### Task instructions
From the first line of the entries below through the line bearing "#1=APPLICATION_CONTEXT('core data for", write out each line exactly. Omit pictures.

== Segment start ==

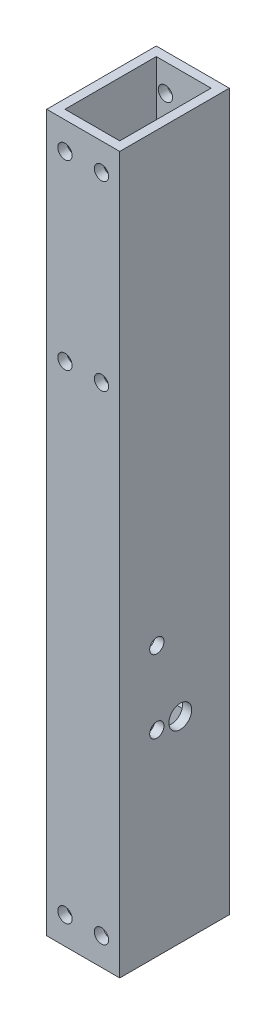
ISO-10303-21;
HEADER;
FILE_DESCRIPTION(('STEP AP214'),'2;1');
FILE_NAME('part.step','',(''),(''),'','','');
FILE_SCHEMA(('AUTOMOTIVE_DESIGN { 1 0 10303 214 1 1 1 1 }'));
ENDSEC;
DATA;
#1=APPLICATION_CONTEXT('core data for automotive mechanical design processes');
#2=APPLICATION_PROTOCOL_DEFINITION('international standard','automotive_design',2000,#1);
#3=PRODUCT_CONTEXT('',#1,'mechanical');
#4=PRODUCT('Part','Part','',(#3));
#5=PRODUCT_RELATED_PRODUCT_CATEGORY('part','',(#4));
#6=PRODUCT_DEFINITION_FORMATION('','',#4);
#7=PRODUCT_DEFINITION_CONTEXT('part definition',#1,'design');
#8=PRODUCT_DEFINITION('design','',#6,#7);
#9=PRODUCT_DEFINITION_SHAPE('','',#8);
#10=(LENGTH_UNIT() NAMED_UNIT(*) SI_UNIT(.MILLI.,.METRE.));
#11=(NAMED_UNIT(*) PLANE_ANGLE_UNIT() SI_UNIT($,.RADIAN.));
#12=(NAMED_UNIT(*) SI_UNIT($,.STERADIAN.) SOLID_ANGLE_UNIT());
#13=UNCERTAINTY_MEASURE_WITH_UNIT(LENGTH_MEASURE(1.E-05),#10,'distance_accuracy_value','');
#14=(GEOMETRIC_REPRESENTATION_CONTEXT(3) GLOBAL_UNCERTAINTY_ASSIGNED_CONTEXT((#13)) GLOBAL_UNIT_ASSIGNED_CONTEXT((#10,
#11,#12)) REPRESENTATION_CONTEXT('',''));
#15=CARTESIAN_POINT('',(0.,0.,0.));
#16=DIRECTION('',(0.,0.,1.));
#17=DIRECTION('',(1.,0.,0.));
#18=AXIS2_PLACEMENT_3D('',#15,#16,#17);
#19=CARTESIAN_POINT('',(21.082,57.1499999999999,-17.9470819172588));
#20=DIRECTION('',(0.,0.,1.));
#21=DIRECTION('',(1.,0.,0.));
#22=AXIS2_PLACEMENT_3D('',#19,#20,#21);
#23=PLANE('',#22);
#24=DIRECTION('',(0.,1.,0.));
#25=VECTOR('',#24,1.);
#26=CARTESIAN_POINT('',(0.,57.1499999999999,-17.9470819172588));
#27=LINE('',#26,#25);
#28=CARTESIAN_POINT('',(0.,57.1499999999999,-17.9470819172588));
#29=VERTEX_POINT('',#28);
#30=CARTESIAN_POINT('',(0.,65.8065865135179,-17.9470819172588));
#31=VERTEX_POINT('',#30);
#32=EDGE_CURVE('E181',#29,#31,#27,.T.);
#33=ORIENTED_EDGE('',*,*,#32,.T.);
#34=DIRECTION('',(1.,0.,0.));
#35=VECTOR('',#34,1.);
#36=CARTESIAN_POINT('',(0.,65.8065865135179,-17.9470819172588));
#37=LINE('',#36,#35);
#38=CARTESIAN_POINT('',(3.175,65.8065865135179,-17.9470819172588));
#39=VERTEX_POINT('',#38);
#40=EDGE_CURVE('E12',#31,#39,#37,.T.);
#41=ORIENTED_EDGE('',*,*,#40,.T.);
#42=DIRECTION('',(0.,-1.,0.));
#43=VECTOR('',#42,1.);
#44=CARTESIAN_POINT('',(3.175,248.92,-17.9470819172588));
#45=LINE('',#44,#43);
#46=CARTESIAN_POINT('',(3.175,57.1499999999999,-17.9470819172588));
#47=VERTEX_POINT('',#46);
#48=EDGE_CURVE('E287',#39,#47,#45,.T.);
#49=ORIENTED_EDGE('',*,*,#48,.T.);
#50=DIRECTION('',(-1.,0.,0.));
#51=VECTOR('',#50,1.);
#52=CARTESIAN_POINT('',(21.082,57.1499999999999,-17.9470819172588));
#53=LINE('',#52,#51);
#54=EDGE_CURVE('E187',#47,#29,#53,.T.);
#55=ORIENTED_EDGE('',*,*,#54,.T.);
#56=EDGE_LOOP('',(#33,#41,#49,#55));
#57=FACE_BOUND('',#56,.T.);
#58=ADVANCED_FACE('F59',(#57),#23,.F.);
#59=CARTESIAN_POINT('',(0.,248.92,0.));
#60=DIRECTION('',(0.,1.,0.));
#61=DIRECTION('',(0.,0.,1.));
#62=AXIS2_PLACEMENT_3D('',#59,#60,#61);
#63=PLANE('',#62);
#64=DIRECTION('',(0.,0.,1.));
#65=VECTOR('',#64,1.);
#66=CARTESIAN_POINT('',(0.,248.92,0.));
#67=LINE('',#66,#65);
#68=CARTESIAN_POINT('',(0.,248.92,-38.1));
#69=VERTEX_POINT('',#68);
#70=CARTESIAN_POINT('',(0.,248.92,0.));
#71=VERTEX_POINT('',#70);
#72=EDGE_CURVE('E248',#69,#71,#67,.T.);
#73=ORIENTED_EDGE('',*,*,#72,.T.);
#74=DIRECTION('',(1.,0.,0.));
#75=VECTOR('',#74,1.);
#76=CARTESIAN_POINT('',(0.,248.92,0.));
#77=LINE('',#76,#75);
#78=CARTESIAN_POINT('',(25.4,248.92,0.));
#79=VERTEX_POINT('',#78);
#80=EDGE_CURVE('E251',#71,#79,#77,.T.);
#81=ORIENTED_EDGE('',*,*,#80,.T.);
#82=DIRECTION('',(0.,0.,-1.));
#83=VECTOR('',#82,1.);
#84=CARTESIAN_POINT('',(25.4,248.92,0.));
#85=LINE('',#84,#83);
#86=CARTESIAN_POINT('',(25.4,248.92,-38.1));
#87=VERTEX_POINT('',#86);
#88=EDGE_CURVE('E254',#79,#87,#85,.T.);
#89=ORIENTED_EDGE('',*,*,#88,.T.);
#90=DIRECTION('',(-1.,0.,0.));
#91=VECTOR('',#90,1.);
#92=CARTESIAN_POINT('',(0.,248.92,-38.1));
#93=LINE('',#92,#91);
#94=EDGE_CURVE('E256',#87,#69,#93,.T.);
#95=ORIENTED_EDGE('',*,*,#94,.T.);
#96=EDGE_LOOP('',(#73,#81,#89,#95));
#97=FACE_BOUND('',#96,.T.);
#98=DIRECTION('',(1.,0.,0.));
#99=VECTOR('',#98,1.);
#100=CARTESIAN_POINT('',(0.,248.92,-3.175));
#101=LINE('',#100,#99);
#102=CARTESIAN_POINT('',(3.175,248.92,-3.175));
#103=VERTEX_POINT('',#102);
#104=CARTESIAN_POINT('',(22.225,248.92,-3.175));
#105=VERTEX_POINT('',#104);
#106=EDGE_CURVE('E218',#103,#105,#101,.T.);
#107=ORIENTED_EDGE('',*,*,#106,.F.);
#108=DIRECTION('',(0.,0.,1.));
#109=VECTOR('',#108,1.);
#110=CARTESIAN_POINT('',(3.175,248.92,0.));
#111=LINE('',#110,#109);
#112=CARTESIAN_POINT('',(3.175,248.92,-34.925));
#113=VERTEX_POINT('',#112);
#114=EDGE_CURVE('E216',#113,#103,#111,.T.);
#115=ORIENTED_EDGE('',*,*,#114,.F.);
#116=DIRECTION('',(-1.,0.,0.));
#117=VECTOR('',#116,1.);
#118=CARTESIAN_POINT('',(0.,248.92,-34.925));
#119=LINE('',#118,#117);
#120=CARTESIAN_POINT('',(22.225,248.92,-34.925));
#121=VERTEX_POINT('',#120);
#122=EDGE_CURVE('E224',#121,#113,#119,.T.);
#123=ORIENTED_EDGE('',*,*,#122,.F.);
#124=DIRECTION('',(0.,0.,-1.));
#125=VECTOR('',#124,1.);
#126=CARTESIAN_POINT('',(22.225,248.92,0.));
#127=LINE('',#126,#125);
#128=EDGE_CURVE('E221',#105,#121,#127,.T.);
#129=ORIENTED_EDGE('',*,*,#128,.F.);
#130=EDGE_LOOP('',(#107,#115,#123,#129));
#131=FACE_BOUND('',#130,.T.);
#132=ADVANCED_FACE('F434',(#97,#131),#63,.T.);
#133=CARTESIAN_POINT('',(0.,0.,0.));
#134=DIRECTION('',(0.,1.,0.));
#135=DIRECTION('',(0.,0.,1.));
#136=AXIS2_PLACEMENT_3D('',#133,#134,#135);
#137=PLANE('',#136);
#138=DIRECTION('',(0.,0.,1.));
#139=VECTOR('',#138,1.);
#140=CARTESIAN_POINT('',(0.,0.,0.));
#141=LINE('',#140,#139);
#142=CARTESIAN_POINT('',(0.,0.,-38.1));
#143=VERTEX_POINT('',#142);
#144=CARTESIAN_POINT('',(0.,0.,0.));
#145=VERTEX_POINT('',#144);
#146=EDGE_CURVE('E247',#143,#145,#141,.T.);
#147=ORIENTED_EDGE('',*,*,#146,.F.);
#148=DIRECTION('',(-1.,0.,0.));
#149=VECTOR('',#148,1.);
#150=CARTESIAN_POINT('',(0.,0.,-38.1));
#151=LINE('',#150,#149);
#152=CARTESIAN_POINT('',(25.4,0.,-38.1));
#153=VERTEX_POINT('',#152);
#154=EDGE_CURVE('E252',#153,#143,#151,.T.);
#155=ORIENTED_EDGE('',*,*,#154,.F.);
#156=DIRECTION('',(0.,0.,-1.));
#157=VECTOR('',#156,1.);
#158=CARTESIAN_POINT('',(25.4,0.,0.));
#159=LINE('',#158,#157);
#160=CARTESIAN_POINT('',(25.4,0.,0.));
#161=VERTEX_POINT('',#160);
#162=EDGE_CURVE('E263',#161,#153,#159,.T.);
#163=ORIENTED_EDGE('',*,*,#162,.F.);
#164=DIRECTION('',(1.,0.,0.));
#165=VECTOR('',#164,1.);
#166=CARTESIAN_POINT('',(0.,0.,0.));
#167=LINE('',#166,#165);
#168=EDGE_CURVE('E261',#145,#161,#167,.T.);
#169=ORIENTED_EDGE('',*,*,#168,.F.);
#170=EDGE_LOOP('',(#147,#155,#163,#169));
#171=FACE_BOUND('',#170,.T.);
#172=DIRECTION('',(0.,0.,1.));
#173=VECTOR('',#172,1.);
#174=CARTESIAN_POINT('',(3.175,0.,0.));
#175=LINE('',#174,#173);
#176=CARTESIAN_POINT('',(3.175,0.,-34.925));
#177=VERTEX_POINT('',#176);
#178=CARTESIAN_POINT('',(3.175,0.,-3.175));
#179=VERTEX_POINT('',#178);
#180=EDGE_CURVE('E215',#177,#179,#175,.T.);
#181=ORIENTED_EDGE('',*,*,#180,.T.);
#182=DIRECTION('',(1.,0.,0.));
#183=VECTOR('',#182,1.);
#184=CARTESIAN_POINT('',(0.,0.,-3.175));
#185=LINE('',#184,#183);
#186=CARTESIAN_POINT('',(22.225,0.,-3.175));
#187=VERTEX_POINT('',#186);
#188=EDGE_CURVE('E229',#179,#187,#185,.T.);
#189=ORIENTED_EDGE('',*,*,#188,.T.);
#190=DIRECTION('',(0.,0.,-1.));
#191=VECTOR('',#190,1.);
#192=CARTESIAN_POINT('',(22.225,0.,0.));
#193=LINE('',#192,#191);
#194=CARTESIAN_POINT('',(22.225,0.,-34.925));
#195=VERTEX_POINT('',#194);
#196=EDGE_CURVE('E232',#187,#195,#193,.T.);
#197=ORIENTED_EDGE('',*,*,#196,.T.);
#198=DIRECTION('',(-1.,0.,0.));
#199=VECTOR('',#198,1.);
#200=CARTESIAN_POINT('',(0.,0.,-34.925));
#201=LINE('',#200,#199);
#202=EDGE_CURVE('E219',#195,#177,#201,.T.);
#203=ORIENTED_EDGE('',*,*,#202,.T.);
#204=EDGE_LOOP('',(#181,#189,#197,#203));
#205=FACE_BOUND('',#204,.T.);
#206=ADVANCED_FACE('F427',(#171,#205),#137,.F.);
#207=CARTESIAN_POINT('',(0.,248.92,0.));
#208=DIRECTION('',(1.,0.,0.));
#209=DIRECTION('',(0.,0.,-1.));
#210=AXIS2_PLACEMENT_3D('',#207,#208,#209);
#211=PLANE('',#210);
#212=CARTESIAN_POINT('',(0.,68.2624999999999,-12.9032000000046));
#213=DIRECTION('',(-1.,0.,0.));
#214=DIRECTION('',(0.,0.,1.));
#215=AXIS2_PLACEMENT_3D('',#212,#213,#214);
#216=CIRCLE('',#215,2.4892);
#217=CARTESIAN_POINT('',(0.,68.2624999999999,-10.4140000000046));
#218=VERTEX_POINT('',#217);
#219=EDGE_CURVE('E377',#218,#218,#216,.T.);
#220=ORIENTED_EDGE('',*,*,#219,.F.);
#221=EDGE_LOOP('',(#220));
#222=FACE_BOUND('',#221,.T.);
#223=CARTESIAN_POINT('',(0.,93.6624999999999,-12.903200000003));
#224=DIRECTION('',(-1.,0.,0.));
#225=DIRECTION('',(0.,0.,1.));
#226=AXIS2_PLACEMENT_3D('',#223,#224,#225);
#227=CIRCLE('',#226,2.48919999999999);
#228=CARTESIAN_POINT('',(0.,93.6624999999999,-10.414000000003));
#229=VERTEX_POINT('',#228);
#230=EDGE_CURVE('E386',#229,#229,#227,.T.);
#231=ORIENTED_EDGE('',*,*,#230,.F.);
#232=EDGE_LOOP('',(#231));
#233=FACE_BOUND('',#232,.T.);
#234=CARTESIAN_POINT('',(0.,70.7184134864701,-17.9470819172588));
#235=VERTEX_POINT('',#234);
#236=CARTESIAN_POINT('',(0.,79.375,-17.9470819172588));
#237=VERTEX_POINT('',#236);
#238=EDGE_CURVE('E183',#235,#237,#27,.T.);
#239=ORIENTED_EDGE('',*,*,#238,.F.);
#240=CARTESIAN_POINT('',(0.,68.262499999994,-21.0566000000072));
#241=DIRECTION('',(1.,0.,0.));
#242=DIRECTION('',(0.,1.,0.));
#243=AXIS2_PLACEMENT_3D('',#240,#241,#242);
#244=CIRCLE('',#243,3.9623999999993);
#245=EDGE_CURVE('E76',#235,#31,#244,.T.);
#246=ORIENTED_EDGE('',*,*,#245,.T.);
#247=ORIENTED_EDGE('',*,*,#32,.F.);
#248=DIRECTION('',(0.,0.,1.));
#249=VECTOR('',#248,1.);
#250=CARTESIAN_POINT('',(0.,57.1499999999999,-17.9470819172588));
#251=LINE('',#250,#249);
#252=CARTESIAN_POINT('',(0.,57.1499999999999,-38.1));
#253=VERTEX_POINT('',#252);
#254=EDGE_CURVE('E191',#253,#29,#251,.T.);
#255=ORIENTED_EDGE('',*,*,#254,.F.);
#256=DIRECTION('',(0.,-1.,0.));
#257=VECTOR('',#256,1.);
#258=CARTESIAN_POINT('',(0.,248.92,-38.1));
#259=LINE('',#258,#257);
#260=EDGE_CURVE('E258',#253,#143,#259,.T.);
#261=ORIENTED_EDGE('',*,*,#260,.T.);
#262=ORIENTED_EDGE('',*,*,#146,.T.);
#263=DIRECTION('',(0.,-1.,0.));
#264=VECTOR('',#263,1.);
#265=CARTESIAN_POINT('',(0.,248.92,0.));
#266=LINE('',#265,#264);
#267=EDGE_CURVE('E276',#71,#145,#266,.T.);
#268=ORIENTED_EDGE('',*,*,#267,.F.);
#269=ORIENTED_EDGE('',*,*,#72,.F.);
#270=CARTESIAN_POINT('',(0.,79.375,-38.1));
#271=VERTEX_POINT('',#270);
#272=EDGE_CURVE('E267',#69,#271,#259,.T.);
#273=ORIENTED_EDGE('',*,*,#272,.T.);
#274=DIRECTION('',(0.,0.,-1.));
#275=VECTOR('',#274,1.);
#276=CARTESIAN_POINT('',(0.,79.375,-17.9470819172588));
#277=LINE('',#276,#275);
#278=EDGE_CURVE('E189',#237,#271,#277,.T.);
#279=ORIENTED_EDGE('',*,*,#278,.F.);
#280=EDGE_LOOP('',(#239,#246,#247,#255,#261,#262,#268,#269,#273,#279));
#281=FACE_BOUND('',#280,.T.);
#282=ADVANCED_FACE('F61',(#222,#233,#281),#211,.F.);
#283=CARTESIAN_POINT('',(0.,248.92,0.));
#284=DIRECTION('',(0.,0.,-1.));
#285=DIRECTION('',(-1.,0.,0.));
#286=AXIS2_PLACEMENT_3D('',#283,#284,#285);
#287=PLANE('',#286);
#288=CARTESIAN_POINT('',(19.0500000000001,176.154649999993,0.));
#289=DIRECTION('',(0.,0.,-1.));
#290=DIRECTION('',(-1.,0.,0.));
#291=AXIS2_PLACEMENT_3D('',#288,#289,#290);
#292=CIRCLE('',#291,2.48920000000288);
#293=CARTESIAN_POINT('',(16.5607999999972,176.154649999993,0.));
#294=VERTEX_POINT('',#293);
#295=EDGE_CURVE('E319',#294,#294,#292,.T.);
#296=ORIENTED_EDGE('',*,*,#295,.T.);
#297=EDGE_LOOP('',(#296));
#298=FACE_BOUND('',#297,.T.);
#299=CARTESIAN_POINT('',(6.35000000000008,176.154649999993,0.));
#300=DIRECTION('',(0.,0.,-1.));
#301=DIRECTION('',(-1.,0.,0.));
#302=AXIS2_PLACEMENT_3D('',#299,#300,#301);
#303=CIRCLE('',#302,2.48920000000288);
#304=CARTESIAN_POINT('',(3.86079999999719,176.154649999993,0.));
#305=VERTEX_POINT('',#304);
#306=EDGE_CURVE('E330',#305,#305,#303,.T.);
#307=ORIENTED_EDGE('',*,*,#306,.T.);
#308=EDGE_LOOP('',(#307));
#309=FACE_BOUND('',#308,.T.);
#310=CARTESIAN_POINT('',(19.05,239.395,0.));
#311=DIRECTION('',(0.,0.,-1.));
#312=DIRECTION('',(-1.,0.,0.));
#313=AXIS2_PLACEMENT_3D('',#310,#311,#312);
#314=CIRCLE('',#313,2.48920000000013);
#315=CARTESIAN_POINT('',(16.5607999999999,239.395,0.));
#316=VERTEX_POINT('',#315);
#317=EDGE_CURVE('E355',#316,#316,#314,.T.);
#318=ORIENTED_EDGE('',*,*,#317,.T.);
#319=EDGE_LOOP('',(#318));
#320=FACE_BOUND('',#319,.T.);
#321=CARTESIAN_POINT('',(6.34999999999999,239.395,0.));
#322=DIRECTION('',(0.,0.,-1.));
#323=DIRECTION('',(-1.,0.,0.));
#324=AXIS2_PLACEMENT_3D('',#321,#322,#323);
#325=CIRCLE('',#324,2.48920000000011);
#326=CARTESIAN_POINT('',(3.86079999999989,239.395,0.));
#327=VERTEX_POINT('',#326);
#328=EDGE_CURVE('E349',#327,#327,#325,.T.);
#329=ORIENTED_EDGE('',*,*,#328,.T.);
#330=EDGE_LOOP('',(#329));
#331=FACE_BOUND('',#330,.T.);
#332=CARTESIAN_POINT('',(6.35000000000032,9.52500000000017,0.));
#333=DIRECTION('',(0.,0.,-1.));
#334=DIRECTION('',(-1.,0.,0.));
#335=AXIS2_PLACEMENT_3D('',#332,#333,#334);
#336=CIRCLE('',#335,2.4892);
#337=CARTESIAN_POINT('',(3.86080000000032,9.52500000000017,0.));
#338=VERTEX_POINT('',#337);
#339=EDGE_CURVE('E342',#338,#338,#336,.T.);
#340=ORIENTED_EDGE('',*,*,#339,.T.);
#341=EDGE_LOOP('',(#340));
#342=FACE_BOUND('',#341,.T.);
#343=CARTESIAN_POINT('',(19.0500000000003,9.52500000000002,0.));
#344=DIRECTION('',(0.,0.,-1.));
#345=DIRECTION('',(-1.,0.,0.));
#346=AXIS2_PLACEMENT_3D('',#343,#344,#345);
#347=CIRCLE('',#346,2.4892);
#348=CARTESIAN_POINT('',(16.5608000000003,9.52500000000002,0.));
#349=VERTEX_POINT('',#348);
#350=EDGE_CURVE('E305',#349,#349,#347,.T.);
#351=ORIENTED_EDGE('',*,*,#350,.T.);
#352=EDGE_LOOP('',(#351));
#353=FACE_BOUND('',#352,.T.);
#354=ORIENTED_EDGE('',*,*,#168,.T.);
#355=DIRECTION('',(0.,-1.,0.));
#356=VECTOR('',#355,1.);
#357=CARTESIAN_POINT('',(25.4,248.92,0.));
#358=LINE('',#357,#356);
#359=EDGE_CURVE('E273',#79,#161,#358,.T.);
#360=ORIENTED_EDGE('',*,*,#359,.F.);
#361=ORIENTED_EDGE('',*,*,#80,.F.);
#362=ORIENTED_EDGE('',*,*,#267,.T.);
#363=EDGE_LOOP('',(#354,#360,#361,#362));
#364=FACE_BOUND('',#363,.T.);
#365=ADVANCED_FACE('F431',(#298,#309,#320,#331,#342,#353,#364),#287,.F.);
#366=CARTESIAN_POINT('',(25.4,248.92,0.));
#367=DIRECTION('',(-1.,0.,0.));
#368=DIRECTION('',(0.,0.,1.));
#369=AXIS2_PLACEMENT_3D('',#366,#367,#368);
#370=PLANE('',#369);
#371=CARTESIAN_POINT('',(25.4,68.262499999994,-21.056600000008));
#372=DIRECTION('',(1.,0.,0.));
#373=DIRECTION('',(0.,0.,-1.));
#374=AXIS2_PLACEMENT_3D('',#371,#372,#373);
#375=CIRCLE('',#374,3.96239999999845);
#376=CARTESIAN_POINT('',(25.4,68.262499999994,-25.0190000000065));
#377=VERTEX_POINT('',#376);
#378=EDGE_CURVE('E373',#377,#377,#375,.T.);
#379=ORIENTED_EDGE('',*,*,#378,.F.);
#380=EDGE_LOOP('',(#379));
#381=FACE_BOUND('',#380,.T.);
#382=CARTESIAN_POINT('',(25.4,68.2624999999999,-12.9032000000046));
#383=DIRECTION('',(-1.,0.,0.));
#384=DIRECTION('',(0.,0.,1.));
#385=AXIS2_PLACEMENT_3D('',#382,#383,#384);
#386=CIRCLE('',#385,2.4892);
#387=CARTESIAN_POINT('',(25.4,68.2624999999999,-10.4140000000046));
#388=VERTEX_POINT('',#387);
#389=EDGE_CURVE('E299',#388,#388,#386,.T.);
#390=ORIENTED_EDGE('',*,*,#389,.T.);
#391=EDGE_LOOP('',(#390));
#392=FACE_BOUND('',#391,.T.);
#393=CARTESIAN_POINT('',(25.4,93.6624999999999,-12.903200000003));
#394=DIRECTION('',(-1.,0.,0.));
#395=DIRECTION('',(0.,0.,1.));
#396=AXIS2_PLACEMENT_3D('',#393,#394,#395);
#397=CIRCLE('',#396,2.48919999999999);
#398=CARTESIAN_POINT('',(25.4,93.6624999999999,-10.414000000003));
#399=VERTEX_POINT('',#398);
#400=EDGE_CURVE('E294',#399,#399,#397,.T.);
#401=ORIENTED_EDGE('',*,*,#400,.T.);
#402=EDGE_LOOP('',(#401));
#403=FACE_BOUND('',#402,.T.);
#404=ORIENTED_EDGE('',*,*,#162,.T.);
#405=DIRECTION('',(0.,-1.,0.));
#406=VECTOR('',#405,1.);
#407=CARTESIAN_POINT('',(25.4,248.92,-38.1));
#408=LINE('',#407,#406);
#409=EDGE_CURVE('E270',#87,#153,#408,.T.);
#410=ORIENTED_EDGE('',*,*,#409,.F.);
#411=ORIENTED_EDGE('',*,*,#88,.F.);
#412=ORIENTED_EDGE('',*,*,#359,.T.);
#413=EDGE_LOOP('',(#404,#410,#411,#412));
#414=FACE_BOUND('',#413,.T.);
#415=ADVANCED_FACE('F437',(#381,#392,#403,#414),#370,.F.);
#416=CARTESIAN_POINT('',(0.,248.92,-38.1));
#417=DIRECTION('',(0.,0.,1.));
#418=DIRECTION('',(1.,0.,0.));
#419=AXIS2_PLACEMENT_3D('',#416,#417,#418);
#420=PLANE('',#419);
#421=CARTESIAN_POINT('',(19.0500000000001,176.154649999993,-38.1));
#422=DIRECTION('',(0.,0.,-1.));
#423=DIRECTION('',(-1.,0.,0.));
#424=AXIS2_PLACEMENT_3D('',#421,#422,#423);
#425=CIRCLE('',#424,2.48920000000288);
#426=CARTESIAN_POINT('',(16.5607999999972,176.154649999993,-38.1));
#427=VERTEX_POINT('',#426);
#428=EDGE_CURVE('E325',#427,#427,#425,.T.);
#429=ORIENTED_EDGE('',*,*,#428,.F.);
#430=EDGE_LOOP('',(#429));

== Segment end ==

### Answer to this task
ISO-10303-21;
HEADER;
FILE_DESCRIPTION(('STEP AP214'),'2;1');
FILE_NAME('part.step','',(''),(''),'','','');
FILE_SCHEMA(('AUTOMOTIVE_DESIGN { 1 0 10303 214 1 1 1 1 }'));
ENDSEC;
DATA;
#1=APPLICATION_CONTEXT('core data for automotive mechanical design processes');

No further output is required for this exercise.